* Team Number: 28
* Team Name: SwitchLink
* Team Members: Praveen Raj Uma Maheswari Shyam Sundar
* Github Repository URL: https://github.com/ese5160/a14g-final-submission-t28-switchlink.git
* Description of test hardware: A Smart Switch Control.
https://github.com/ese5160/a14g-final-submission-t28-switchlink/blob/main/SwitchLink%20(1).mp4
SwitchLink is a Smart Switch Control Unit that goes beyond conventional remote switch control. It features a Smart USB charging system utilizing an OP Amp comparator to detect the full-charge status of connected devices. This feature is especially useful for devices and appliances lacking built-in Charge Protection Circuitry. When a device reaches full charge, SwitchLink notifies the user with defined acoustic notifications generated by a Piezo-buzzer via PWM.
Key components and functionalities include:
Smart USB Charging System: Monitors and indicates full-charge status using an OP Amp comparator.
Acoustic Notifications: Utilizes a Piezo-buzzer controlled through PWM to notify users when charging is complete.
Relay Module: Enables control of electrical switches.
Proximity Sensors: Provides a non-contact user interface for switch control.

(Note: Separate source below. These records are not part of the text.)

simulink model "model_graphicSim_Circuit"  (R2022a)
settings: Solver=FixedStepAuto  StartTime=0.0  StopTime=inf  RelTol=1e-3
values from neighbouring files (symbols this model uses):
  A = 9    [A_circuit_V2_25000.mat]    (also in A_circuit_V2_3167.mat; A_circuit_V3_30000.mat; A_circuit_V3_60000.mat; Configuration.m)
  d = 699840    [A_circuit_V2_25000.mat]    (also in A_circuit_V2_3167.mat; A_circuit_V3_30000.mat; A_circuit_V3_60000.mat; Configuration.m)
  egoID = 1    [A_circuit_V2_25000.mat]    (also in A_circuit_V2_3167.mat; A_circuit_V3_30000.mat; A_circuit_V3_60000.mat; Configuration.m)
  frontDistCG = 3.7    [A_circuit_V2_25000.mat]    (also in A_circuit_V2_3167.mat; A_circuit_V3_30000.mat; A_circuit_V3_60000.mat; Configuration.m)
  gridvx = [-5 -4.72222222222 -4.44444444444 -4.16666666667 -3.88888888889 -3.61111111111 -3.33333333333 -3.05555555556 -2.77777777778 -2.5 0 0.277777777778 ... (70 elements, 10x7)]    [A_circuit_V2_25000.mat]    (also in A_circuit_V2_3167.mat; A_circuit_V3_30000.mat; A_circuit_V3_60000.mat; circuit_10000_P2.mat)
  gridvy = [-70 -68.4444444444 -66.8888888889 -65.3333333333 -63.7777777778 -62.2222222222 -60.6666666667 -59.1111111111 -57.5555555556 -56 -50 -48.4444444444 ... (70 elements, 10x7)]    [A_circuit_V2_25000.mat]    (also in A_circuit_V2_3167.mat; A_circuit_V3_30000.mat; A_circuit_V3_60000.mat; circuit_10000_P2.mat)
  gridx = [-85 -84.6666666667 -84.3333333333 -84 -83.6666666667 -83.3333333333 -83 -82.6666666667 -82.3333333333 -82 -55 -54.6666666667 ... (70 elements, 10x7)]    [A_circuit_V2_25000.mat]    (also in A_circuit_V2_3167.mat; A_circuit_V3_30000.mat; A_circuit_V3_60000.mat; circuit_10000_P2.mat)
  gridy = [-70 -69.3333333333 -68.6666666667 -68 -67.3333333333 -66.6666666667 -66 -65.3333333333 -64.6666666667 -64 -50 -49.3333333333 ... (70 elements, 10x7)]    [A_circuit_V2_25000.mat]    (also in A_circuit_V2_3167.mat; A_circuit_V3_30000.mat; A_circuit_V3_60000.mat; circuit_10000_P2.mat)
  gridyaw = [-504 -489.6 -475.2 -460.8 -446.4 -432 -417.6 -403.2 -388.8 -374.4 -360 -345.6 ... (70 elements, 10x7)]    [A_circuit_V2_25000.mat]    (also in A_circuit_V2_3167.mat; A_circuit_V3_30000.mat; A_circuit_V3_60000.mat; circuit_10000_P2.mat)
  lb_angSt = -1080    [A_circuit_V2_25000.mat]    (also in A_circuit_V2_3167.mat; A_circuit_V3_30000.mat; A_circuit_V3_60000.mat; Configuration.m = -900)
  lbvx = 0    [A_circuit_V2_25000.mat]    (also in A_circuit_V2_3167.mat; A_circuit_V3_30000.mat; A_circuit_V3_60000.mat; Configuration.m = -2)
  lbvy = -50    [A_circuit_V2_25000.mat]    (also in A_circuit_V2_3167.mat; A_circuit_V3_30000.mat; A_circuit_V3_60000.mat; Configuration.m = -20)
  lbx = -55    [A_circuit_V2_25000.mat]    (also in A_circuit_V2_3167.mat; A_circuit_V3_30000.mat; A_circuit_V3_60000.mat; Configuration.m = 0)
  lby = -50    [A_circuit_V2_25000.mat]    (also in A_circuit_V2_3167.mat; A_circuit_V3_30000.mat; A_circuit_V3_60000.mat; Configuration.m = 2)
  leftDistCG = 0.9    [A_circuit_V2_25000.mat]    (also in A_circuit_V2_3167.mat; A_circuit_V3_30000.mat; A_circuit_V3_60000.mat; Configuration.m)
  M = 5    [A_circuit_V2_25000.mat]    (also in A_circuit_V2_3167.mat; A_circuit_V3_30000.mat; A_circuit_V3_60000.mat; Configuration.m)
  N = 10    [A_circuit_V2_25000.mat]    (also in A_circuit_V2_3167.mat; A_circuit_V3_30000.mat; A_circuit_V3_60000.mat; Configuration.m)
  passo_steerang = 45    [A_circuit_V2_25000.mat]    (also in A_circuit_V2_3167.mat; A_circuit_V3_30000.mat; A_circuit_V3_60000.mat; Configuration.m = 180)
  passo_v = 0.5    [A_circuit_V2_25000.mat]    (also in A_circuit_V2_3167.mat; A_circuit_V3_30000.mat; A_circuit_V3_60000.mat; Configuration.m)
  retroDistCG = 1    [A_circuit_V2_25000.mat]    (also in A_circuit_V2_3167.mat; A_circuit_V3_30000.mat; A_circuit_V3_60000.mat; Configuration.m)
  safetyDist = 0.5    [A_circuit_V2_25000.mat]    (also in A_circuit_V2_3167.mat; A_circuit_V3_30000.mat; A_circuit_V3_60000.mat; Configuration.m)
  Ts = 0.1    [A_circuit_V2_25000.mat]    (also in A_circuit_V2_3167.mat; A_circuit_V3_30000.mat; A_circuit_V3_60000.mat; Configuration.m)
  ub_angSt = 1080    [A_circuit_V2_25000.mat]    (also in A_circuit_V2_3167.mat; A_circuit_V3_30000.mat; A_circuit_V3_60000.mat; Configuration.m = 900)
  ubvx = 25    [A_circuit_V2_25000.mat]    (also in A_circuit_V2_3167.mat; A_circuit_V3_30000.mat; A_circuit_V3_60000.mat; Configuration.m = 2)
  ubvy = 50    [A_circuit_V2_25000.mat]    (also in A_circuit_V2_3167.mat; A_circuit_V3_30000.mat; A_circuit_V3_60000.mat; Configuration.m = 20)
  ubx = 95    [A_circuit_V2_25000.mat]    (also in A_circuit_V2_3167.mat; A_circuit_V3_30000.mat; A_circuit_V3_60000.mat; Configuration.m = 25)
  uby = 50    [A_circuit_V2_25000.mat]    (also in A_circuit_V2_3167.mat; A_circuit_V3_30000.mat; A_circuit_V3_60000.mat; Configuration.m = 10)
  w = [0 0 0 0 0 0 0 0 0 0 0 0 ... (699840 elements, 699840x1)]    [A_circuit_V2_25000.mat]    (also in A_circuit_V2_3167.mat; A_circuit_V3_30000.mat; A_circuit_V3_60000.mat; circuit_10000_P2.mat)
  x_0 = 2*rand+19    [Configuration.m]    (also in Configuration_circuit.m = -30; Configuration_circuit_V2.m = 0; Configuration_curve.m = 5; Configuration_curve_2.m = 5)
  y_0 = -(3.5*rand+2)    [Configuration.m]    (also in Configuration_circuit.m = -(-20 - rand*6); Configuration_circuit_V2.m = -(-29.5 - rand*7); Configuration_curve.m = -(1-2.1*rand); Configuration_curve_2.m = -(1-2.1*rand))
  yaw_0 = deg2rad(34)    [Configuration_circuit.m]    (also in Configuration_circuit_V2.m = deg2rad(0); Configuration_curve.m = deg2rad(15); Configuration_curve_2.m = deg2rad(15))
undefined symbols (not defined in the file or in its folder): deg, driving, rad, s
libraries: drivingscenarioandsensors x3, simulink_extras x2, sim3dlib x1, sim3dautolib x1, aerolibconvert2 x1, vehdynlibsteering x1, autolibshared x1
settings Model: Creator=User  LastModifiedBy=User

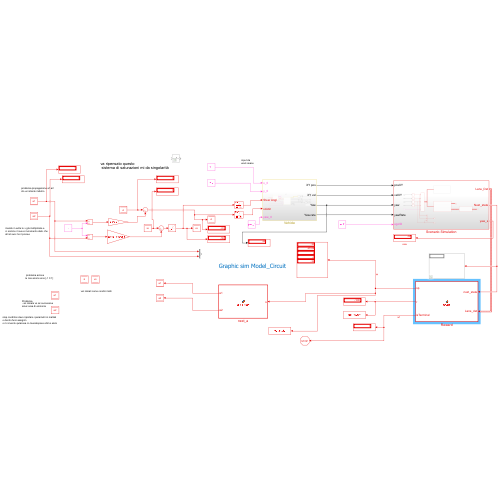
[thumbnail: Simulink's stored preview of the top-level diagram]
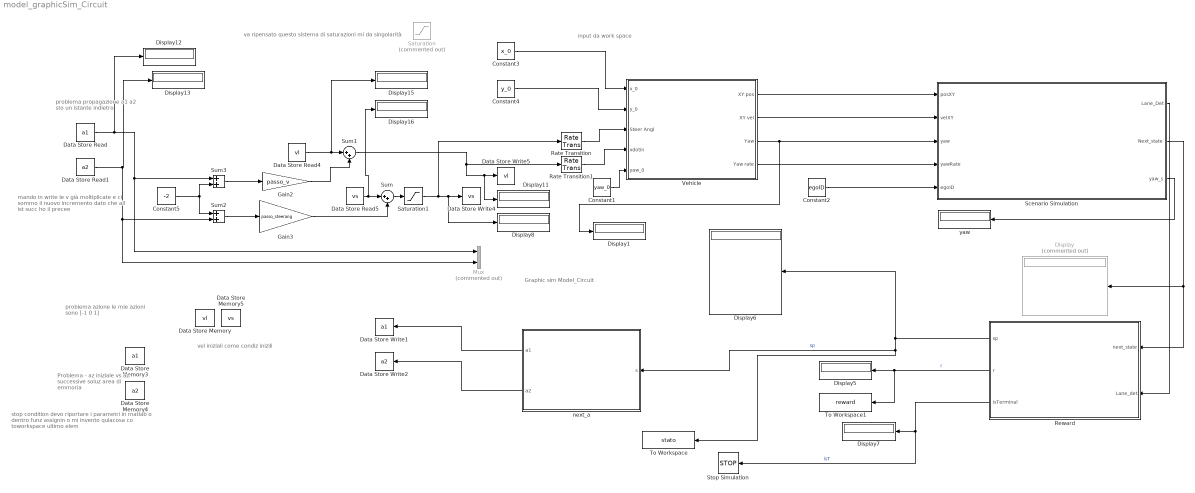
== system model_graphicSim_Circuit ==
  note: va ripensato questo
      | sistema di saturazioni mi da singolarità
  note: mando in write le v già moltiplicate e
      | ci sommo il nuovo incremento dato che
      | all ist succ ho il precee
  note: problema azione
      | le mie azioni sono [-1 0 1]
  note: vel iniziali come condiz inizili
  note: stop condition devo riportare i parametri in matlab
      | o dentro funz assignin
      | o mi invento qulacosa co toworkspace ultimo elem
  note: Problema
      | - az iniziale vs az successive
      | soluz area di emmoria
  note: problema propagazione a1 a2
      | sto un istante indietro
  note: input da work space
  note: Graphic sim Model_Circuit
  Constant1 : Constant  Value=yaw_0
  Constant2 : Constant  Value=egoID
  Constant3 : Constant  Value=x_0
  Constant4 : Constant  Value=y_0
  Constant5 : Constant  Value=-2
  Data Store Memory : DataStoreMemory  DataStoreName=vl  WriteAfterWriteMsg=warning  ShowAdditionalParam=off
  Data Store Memory3 : DataStoreMemory  DataStoreName=a1  WriteAfterWriteMsg=warning  InitialValue=az_1  VectorParams1D=off  ShowAdditionalParam=off  OutDataTypeStr=double
  Data Store Memory4 : DataStoreMemory  DataStoreName=a2  WriteAfterWriteMsg=warning  InitialValue=az_2  VectorParams1D=off  ShowAdditionalParam=off  OutDataTypeStr=double
  Data Store Memory5 : DataStoreMemory  DataStoreName=vs  WriteAfterWriteMsg=warning  ShowAdditionalParam=off
  Data Store Read : DataStoreRead  DataStoreName=a1  IndexOptions=Index vector (dialog)  Indices=1  OutputSizes=1
  Data Store Read1 : DataStoreRead  DataStoreName=a2  IndexOptions=Index vector (dialog)  Indices=1  OutputSizes=1
  Data Store Read4 : DataStoreRead  DataStoreName=vl  IndexOptions=Index vector (dialog)  Indices=1  OutputSizes=1
  Data Store Read5 : DataStoreRead  DataStoreName=vs  IndexOptions=Index vector (dialog)  Indices=1  OutputSizes=1
  Data Store Write1 : DataStoreWrite  DataStoreName=a1  IndexOptions=Index vector (dialog)  Indices=1  OutputSizes=1
  Data Store Write2 : DataStoreWrite  DataStoreName=a2  IndexOptions=Index vector (dialog)  Indices=1  OutputSizes=1
  Data Store Write4 : DataStoreWrite  DataStoreName=vs  IndexOptions=Index vector (dialog)  Indices=1  OutputSizes=1
  Data Store Write5 : DataStoreWrite  DataStoreName=vl  IndexOptions=Index vector (dialog)  Indices=1  OutputSizes=1
  Display : Display  Commented=on
  Display{1,5..8,11..13,15..16} (10 alike) : Display
  Gain2 : Gain  Gain=passo_v
  Gain3 : Gain  Gain=passo_steerang
  Mux : Mux  Commented=on  Inputs=2
  Rate Transition : RateTransition
  Rate Transition1 : RateTransition
  Reward : MATLAB Function  TreatAsAtomicUnit=on
  Saturation : Saturate  Commented=on  UpperLimit=ubvx  LowerLimit=lbvx
  Saturation1 : Saturate  UpperLimit=ub_angSt  LowerLimit=lb_angSt
  Scenario Simulation : Subsystem
  Stop Simulation : Stop
  Sum : Sum  Inputs=|++
  Sum1 : Sum  Inputs=|++
  Sum2 : Sum
  Sum3 : Sum
  To Workspace : ToWorkspace  VariableName=stato  SampleTime=-1
  To Workspace1 : ToWorkspace  VariableName=reward  SampleTime=-1
  Vehicle : Subsystem
  next_a : MATLAB Function  TreatAsAtomicUnit=on
  yaw : Display
  wires:
  Saturation1/1 -> Rate Transition/1, Display8/1, Data Store Write4/1
  Rate Transition/1 -> Vehicle/3(Steer Angl)
  Reward/2(r) -> To Workspace1/1, Display5/1  "r"
  Vehicle/3(Yaw) -> Scenario Simulation/3(yaw), Display1/1
  Gain2/1 -> Sum1/2
  Sum3/1 -> Gain2/1
  Data Store Read5/1 -> Display16/1, Sum/1
  Data Store Read/1 -> Display12/1, Sum3/1, Mux/1
  Sum/1 -> Saturation1/1
  Sum2/1 -> Gain3/1
  Sum1/1 -> Data Store Write5/1, Display11/1, Rate Transition1/1
  Reward/3(isTerminal) -> Stop Simulation/1, Display7/1  "isT"
  Data Store Read1/1 -> Display13/1, Sum2/2, Mux/2
  Constant5/1 -> Sum3/2, Sum2/1
  Gain3/1 -> Sum/2
  Constant3/1 -> Vehicle/1(x_0)
  Data Store Read4/1 -> Display15/1, Sum1/1
  Reward/1(sp) -> Display6/1, To Workspace/1, next_a/1(s)  "sp"
  Vehicle/4(Yaw rate) -> Scenario Simulation/4(yawRate)
  Constant2/1 -> Scenario Simulation/5(egoID)
  Vehicle/2(XY vel) -> Scenario Simulation/2(velXY)
  Rate Transition1/1 -> Vehicle/4(xdotin)
  Vehicle/1(XY pos) -> Scenario Simulation/1(posXY)
  Constant4/1 -> Vehicle/2(y_0)
  next_a/1(a1) -> Data Store Write1/1
  next_a/2(a2) -> Data Store Write2/1
  Constant1/1 -> Vehicle/5(yaw_0)
  Scenario Simulation/2(Next_state) -> Reward/1(next_state), Display/1
  Scenario Simulation/1(Lane_Det) -> Reward/2(Lane_det)
  Scenario Simulation/3(yaw_s) -> yaw/1

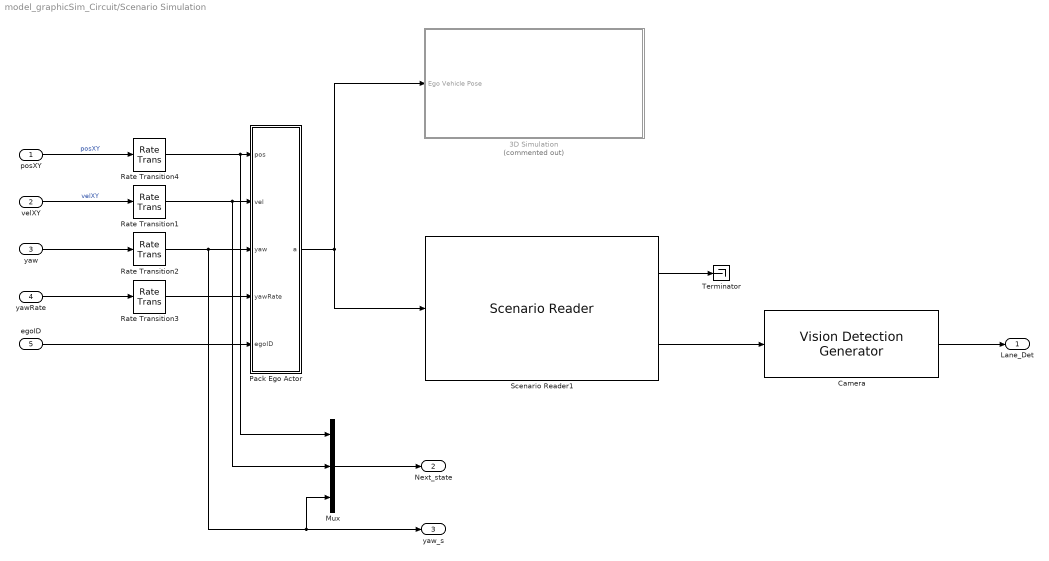
== system model_graphicSim_Circuit/Scenario Simulation ==
  posXY : Inport
  velXY : Inport  Port=2
  yaw : Inport  Port=3
  yawRate : Inport  Port=4
  egoID : Inport  Port=5
  3D Simulation : Subsystem  Commented=on
  Camera : drivingscenarioandsensors/Vision Detection Generator  SensorIndex=1  DetectorOutput=Lanes only  UpdateInterval=0.1  LaneUpdateInterval=0.1  SensorLocation=[0 0]  Height=1.1  Yaw=0  Pitch=1  Roll=0  BusNameSource=Auto  BusName=BusObjectDetections  BusName2Source=Auto  BusName2=BusLaneDetections  MaxNumDetectionsSource=Property  MaxNumDetections=50  MaxNumLanesSource=Property  MaxNumLanes=30  DetectionCoordinates=Ego Cartesian  SimulateUsing=Interpreted execution  MaxRange=150  BoundingBoxAccuracy=5  ProcessNoiseIntensity=5  MaxSpeed=100  MaxAllowedOcclusion=0.5  MinObjectImageSize=[15 15]  DetectionProbability=1  FalsePositivesPerImage=0  MinLaneImageSize=[20 3]  LaneBoundaryAccuracy=3  HasNoise=off  InitialSeedSource=Repeatable  InitialSeed=0  UsedSeed=0  ActorProfilesSource=From Scenario Reader block  ActorProfilesParameters=driving.internal.ActorProfilesParameters  ActorProfilesExpression=[struct('ActorID',1,'ClassID',1,'Length',4.7,'Width',1.8,'Height',1.4,'OriginOffset',[-1.35 0 0],'MeshVertices',[3.7 0.9 0.857439446366782;3.7 -0.9 0.857439446366782;3.7 -0.9 0.314878892733564;3.7 0.9 0.314878892733564;3.7 0.9 0.857439446366782;2.525 0.9 0.993079584775086;2.525 -0.9 0.993079584775086;3.7 -0.9 0.857439446366782;1.82 0.72 1.4;0.41 0.72 1.4;0.41 -0.72 1.4;1.82 -0.72 1.4;-0.295 0.9 0.993079584775086;-1 0.9 0.857439446366782;-1 -0.9 0.857439446366782;-0.295 -0.9 0.993079584775086;3.7 0.9 0.857439446366782;3.7 0.9 0.314878892733564;2.525 0.9 0.314878892733564;2.525 0.9 0.993079584775086;2.525 0.9 0.993079584775086;2.525 0.9 0.314878892733564;-0.295 0.9 0.314878892733564;-0.295 0.9 0.993079584775086;-0.295 0.9 0.993079584775086;-0.295 0.9 0.314878892733564;-1 0.9 0.355570934256055;-1 0.9 0.857439446366782;2.525 0.9 0.993079584775086;-0.295 0.9 0.993079584775086;0.41 0.72 1.4;1.82 0.72 1.4;3.7 -0.9 0.857439446366782;3.7 -0.9 0.314878892733564;2.525 -0.9 0.314878892733564;2.525 -0.9 0.993079584775086;2.525 -0.9 0.993079584775086;2.525 -0.9 0.314878892733564;-0.295 -0.9 0.314878892733564;-0.295 -0.9 0.993079584775086;-0.295 -0.9 0.993079584775086;-0.295 -0.9 0.314878892733564;-1 -0.9 0.355570934256055;-1 -0.9 0.857439446366782;2.525 -0.9 0.993079584775086;-0.295 -0.9 0.993079584775086;0.41 -0.72 1.4;1.82 -0.72 1.4;-0.295 0.9 0.993079584775086;-0.295 -0.9 0.993079584775086;0.41 -0.72 1.4;0.41 0.72 1.4;2.525 -0.9 0.993079584775086;1.82 -0.72 1.4;1.82 0.72 1.4;2.525 0.9 0.993079584775086;-1 0.9 0.857439446366782;-1 0.9 0.355570934256055;-1 -0.9 0.355570934256055;-1 -0.9 0.857439446366782;3.7 0.9 0.314878892733564;3.7 -0.9 0.314878892733564;-0.295 -0.9 0.314878892733564;-0.295 0.9 0.314878892733564;-0.295 0.9 0.314878892733564;-1 0.9 0.355570934256055;-1 -0.9 0.355570934256055;-0.295 -0.9 0.314878892733564;0 -0.63 0;0 -0.87 0;0.191030206995054 -0.63 0.0601365173421445;0.191030206995054 -0.87 0.0601365173421445;0.309093367795925 -0.63 0.217575963708927;0.309093367795925 -0.87 0.217575963708927;0.309093367795925 -0.63 0.412181821758201;0.309093367795925 -0.87 0.412181821758201;0.191030206995054 -0.63 0.569621268124983;0.191030206995054 -0.87 0.569621268124983;0 -0.63 0.629757785467128;0 -0.87 0.629757785467128;-0.191030206995054 -0.63 0.569621268124983;-0.191030206995054 -0.87 0.569621268124983;-0.309093367795925 -0.63 0.412181821758201;-0.309093367795925 -0.87 0.412181821758201;-0.309093367795925 -0.63 0.217575963708927;-0.309093367795925 -0.87 0.217575963708927;-0.191030206995054 -0.63 0.0601365173421445;-0.191030206995054 -0.87 0.0601365173421445;0 -0.63 0;0 -0.87 0;0 -0.63 0;0.191030206995054 -0.63 0.0601365173421445;0.309093367795925 -0.63 0.217575963708927;0.309093367795925 -0.63 0.412181821758201;0.191030206995054 -0.63 0.569621268124983;0 -0.63 0.629757785467128;-0.191030206995054 -0.63 0.569621268124983;-0.309093367795925 -0.63 0.412181821758201;-0.309093367795925 -0.63 0.217575963708927;-0.191030206995054 -0.63 0.0601365173421445;0 -0.87 0;0.191030206995054 -0.87 0.0601365173421445;0.309093367795925 -0.87 0.217575963708927;0.309093367795925 -0.87 0.412181821758201;0.191030206995054 -0.87 0.569621268124983;0 -0.87 0.629757785467128;-0.191030206995054 -0.87 0.569621268124983;-0.309093367795925 -0.87 0.412181821758201;-0.309093367795925 -0.87 0.217575963708927;-0.191030206995054 -0.87 0.0601365173421445;0 0.87 0;0 0.63 0;0.191030206995054 0.87 0.0601365173421445;0.191030206995054 0.63 0.0601365173421445;0.309093367795925 0.87 0.217575963708927;0.309093367795925 0.63 0.217575963708927;0.309093367795925 0.87 0.412181821758201;0.309093367795925 0.63 0.412181821758201;0.191030206995054 0.87 0.569621268124983;0.191030206995054 0.63 0.569621268124983;0 0.87 0.629757785467128;0 0.63 0.629757785467128;-0.191030206995054 0.87 0.569621268124983;-0.191030206995054 0.63 0.569621268124983;-0.309093367795925 0.87 0.412181821758201;-0.309093367795925 0.63 0.412181821758201;-0.309093367795925 0.87 0.217575963708927;-0.309093367795925 0.63 0.217575963708927;-0.191030206995054 0.87 0.0601365173421445;-0.191030206995054 0.63 0.0601365173421445;0 ...(+3718 chars)],'MeshFaces',[1 2 3;3 4 1;5 6 7;7 8 5;9 10 11;11 12 9;13 14 15;15 16 13;17 18 19;19 20 17;21 22 23;23 24 21;25 26 27;27 28 25;29 30 31;31 32 29;33 34 35;35 36 33;37 38 39;39 40 37;41 42 43;43 44 41;45 46 47;47 48 45;49 50 51;51 52 49;53 54 55;55 56 53;57 58 59;59 60 57;61 62 63;63 64 61;65 66 67;67 68 65;69 71 72;72 70 69;71 73 74;74 72 71;73 75 76;76 74 73;75 77 78;78 76 75;77 79 80;80 78 77;79 81 82;82 80 79;81 83 84;84 82 81;83 85 86;86 84 83;85 87 88;88 86 85;87 89 90;90 88 87;91 92 93;91 93 94;91 94 95;91 95 96;91 96 97;91 97 98;91 98 99;91 99 100;101 102 103;101 103 104;101 104 105;101 105 106;101 106 107;101 107 108;101 108 109;101 109 110;111 113 114;114 112 111;113 115 116;116 114 113;115 117 118;118 116 115;117 119 120;120 118 117;119 121 122;122 120 119;121 123 124;124 122 121;123 125 126;126 124 123;125 127 128;128 126 125;127 129 130;130 128 127;129 131 132;132 130 129;133 134 135;133 135 136;133 136 137;133 137 138;133 138 139;133 139 140;133 140 141;133 141 142;143 144 145;143 145 146;143 146 147;143 147 148;143 148 149;143 149 150;143 150 151;143 151 152;153 155 156;156 154 153;155 157 158;158 156 155;157 159 160;160 158 157;159 161 162;162 160 159;161 163 164;164 162 161;163 165 166;166 164 163;165 167 168;168 166 165;167 169 170;170 168 167;169 171 172;172 170 169;171 173 174;174 172 171;175 176 177;175 177 178;175 178 179;175 179 180;175 180 181;175 181 182;175 182 183;175 183 184;185 186 187;185 187 188;185 188 189;185 189 190;185 190 191;185 191 192;185 192 193;185 193 194;195 197 198;198 196 195;197 199 200;200 198 197;199 201 202;202 200 199;201 203 204;204 202 201;203 205 206;206 204 203;205 207 208;208 206 205;207 209 210;210 208 207;209 211 212;212 210 209;211 213 214;214 212 211;213 215 216;216 214 213;217 218 219;217 219 220;217 220 221;217 221 222;217 222 223;217 223 224;217 224 225;217 225 226;227 228 229;227 229 230;227 230 231;227 231 232;227 232 233;227 233 234;227 234 235;227 235 236],'RCSPattern',[10 10;10 10],'RCSAzimuthAngles',[-180 180],'RCSElevationAngles',[-90 90])]  Intrinsics=driving.internal.cameraIntrinsics('FocalLength',[300 800],'PrincipalPoint',[320 240],'ImageSize',[480 640],'RadialDistortion',[0 0],'TangentialDistortion',[0 0],'Skew',0)
  Mux : Mux  Inputs=3
  Pack Ego Actor : MATLAB Function  TreatAsAtomicUnit=on
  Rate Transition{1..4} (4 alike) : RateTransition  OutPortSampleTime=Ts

Remote Control: Allows switching control over the Internet using MQTT.
SwitchLink enhances the usability and safety of home appliances and devices, providing both manual and remote control options.
SwitchLink is a sophisticated Internet-connected smart switch control unit designed to enhance the management and safety of electrical devices. Here's a detailed explanation of its design, including the sensors, actuators, and other critical components:
Critical Components:
Microcontroller (MCU):
SAMW25 Xplained Pro: This microcontroller handles all processing tasks, including sensor data acquisition, control logic, and communication. It is integrated with FreeRTOS for real-time task management and efficient operation.
Sensors:
- VL6180X Proximity Sensors: Two proximity sensors are used for non-contact switch control. These sensors detect the presence of a hand or object near the switch, allowing for gesture-based control of the connected devices.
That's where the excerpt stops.